I pour hot water over another tea bag and wrap my hands around the cup, waiting to get warm. My throat burns. My body aches, wanting the familiarity of my own bed, my own pillow. Instead, I’m here, in Alta, minus fifteen outside. I imagined arriving here full of energy, ready to face the cold, not hunched over a hotel kettle, wondering if I’ve made a mistake coming here while still sick. But I am here.

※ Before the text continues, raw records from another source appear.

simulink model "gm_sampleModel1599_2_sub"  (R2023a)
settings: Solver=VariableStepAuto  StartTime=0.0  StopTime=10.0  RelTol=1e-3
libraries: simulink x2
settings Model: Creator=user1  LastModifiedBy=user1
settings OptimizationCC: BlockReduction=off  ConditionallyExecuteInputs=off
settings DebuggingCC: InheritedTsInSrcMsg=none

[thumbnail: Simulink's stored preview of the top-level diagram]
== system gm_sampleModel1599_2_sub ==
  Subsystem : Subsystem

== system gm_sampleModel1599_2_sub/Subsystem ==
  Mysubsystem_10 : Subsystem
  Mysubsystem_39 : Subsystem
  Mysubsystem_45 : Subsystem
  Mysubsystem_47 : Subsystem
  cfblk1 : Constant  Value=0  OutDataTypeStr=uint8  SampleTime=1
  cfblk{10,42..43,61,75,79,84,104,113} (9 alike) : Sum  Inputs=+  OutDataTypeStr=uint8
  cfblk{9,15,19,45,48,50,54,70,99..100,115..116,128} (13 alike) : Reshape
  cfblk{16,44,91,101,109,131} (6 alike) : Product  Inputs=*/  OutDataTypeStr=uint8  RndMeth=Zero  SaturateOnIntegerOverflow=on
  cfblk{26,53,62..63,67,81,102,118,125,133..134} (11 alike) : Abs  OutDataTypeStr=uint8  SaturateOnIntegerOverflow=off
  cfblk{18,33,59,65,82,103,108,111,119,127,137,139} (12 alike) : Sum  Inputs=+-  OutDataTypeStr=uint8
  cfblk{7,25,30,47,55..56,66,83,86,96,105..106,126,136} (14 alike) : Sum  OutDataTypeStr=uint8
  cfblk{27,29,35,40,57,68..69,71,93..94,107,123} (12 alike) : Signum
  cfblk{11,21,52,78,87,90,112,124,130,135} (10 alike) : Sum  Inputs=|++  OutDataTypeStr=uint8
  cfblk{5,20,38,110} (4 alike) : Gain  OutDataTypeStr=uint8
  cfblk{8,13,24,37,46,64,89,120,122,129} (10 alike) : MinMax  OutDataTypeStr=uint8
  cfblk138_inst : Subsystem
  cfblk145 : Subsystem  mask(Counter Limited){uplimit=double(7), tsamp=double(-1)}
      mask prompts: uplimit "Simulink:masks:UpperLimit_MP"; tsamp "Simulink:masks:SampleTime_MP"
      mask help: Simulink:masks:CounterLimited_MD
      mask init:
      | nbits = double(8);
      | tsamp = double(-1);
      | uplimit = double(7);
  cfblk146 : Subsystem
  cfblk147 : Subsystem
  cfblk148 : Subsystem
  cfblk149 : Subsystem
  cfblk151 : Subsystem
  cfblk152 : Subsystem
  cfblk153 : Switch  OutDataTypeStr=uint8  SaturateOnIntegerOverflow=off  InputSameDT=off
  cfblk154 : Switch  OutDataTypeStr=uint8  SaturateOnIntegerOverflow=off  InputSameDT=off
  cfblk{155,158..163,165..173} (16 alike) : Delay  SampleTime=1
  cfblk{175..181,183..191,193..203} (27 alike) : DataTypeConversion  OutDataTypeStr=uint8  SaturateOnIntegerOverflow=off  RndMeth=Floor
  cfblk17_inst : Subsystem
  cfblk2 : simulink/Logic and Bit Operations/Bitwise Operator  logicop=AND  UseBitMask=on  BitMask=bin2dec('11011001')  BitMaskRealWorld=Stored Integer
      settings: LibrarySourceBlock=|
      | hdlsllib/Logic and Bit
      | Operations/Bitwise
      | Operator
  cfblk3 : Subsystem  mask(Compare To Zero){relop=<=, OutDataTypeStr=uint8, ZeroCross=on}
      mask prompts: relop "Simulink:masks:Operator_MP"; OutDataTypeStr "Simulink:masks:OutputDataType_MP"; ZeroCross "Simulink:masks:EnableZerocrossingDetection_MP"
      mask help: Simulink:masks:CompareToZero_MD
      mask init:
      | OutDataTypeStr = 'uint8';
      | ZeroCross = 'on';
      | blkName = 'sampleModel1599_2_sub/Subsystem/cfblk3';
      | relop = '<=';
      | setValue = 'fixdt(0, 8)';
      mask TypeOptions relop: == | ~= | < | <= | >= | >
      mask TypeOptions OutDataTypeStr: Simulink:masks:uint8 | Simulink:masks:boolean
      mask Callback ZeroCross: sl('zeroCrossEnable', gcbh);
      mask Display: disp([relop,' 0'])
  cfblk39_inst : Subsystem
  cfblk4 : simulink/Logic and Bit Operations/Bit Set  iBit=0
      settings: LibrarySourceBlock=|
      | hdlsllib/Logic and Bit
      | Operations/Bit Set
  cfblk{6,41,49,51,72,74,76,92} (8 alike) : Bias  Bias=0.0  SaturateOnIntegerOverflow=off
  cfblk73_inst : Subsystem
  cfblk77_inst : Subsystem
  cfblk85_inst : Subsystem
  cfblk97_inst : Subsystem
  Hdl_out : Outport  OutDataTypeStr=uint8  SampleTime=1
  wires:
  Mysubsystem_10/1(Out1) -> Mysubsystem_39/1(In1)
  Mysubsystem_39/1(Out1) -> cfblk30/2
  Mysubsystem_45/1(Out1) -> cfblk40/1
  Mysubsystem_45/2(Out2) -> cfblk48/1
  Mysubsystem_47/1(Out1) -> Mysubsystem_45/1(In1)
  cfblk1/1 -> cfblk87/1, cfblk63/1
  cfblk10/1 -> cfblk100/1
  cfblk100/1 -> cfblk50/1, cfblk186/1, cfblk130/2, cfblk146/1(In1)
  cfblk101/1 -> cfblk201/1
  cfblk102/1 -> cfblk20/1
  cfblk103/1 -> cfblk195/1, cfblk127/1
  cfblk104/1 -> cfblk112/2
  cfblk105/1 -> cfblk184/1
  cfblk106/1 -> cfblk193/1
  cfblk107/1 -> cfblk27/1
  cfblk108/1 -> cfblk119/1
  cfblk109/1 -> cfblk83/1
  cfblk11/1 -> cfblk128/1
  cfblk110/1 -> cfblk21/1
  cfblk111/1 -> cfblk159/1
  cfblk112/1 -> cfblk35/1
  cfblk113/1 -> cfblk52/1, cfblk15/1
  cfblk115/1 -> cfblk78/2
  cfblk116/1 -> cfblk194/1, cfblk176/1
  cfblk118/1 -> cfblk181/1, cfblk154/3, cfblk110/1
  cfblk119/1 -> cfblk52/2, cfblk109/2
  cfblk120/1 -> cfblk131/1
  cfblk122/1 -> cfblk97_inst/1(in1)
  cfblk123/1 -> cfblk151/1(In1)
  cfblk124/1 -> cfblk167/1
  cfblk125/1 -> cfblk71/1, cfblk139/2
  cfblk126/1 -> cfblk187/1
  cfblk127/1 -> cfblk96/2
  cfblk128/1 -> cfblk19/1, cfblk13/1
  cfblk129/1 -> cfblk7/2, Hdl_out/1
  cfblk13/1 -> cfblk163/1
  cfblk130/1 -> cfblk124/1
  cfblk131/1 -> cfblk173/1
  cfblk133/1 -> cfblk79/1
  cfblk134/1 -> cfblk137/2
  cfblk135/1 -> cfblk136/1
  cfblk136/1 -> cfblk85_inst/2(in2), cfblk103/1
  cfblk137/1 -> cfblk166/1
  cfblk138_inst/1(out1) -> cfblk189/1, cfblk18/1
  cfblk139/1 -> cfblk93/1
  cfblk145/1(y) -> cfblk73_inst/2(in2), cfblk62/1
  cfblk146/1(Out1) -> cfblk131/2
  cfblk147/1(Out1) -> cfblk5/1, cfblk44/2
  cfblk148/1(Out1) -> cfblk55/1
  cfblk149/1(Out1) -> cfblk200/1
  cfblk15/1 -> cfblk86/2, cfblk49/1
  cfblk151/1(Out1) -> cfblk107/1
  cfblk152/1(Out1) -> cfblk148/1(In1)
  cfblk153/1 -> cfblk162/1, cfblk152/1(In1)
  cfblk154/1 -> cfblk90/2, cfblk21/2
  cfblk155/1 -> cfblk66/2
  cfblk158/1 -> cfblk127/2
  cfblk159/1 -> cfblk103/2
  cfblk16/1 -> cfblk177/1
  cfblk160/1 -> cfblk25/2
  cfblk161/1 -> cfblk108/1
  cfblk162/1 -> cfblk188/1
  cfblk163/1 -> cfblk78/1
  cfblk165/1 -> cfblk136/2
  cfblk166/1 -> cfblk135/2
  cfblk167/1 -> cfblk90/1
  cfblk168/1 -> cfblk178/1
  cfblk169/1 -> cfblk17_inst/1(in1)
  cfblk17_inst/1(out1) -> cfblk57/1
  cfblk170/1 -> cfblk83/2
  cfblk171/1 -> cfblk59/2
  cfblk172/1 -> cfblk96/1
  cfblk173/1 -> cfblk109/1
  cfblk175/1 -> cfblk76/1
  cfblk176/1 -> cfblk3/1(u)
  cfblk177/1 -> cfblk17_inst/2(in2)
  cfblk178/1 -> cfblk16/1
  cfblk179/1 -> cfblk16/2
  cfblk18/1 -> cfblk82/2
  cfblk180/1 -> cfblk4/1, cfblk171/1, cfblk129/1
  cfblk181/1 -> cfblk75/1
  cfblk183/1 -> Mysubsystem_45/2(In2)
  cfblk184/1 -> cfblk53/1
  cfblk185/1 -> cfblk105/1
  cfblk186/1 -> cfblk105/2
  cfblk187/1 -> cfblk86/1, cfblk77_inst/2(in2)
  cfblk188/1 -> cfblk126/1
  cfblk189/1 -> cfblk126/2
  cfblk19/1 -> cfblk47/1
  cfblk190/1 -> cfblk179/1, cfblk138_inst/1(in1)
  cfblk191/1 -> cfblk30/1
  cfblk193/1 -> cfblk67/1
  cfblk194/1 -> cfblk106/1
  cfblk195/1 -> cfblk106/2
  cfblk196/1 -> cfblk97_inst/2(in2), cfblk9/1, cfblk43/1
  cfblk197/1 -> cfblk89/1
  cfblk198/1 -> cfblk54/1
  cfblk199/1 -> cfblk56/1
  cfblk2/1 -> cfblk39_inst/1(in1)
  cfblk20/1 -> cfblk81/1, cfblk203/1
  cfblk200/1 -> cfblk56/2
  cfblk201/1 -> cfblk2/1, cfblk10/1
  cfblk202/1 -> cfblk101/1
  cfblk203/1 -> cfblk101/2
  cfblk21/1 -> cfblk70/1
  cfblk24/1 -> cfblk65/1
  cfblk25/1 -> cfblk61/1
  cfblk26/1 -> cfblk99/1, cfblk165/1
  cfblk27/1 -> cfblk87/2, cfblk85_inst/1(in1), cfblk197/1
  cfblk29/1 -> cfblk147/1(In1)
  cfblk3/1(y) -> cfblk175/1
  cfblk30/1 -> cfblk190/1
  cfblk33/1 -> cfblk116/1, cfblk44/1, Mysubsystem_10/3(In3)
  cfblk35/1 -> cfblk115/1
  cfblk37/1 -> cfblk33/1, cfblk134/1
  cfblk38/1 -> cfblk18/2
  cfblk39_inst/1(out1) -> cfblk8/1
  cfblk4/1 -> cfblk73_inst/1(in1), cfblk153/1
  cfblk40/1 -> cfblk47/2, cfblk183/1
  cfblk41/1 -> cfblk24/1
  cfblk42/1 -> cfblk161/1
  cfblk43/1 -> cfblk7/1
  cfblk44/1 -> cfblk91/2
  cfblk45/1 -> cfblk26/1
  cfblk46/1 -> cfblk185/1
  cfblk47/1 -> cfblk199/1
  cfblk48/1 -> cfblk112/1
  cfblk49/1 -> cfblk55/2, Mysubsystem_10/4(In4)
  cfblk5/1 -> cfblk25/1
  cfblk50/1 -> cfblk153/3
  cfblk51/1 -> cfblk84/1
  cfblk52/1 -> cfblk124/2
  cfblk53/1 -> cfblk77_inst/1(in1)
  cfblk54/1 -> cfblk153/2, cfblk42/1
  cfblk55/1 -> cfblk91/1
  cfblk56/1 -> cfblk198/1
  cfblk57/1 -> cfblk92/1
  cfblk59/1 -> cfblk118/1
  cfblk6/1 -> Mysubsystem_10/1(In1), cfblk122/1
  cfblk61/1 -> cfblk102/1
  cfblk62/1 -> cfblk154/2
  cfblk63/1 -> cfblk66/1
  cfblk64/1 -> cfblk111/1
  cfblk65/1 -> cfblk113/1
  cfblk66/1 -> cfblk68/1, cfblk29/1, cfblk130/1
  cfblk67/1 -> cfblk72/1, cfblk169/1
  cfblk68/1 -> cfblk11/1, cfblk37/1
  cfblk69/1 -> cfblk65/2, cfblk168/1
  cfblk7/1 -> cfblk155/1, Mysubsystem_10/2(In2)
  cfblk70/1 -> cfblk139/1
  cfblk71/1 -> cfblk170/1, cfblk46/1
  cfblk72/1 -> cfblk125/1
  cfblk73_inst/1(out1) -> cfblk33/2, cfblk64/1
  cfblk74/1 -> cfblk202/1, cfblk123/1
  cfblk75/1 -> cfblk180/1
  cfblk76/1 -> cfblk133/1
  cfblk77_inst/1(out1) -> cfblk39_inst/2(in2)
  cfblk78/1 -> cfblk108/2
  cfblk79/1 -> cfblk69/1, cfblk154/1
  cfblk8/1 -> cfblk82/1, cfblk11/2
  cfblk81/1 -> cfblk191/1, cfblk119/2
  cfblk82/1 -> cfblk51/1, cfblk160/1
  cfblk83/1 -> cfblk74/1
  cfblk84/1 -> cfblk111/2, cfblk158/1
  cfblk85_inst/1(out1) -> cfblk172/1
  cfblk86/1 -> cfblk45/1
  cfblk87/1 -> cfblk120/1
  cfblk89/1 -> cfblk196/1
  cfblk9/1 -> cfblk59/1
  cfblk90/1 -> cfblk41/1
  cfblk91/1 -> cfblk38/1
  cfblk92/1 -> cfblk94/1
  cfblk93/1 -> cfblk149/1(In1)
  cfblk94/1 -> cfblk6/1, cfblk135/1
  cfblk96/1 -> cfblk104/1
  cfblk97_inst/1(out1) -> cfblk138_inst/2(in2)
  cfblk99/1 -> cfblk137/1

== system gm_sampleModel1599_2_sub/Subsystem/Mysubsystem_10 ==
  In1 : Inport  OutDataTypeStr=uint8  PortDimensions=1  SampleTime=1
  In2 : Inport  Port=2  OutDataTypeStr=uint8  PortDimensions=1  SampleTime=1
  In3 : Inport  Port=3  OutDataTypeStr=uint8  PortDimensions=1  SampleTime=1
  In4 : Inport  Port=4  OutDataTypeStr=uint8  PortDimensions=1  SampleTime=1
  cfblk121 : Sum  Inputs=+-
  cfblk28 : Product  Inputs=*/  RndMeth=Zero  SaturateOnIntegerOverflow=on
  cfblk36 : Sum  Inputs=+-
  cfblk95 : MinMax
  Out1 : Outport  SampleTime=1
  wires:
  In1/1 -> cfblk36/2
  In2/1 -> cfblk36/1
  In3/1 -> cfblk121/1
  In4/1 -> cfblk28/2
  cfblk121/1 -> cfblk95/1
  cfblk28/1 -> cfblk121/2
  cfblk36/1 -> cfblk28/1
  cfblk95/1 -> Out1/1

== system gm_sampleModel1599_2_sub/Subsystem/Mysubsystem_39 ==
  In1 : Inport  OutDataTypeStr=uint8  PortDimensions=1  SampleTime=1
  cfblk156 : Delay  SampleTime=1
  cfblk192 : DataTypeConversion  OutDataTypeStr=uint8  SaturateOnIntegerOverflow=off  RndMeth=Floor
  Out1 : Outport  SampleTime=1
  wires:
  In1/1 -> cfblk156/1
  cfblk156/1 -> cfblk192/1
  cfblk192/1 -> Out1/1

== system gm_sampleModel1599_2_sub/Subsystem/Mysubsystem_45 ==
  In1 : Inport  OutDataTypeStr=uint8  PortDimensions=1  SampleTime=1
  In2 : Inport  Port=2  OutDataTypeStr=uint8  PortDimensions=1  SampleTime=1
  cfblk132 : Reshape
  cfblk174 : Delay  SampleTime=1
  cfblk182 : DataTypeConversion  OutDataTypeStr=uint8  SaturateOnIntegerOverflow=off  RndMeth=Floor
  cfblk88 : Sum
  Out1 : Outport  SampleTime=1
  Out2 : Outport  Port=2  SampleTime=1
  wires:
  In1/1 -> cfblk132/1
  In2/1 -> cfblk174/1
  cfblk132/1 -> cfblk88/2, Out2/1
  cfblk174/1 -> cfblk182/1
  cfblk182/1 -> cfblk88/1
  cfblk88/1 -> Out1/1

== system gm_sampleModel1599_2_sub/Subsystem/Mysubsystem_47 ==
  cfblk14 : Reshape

Every year, starting in late November and lasting until January, schools of herring are coming into the northern fjords of Norway. And the orcas come here to feed on them. They arrive in pods, working together to bring the herring into a tight ball near the surface, then strike with their tails, a hunting technique passed down through generations. It is a great wildlife spectacle, and it happens here, in the dark Arctic waters, for only a few weeks each year.

That is why we are here, to get into the water with them, to be close enough to hear and see them. I came here last year for the same reason. But the weather was rough and we never made it into the water with them. We saw them from the boat, but only from the distance. I went home with the feeling of something unfinished, so we came back.

Arctic landscape at dawn
Snow-covered mountains reflected in fjord water
Arriving in northern Norway in early winter. The landscape is vast, quiet, and deeply cold.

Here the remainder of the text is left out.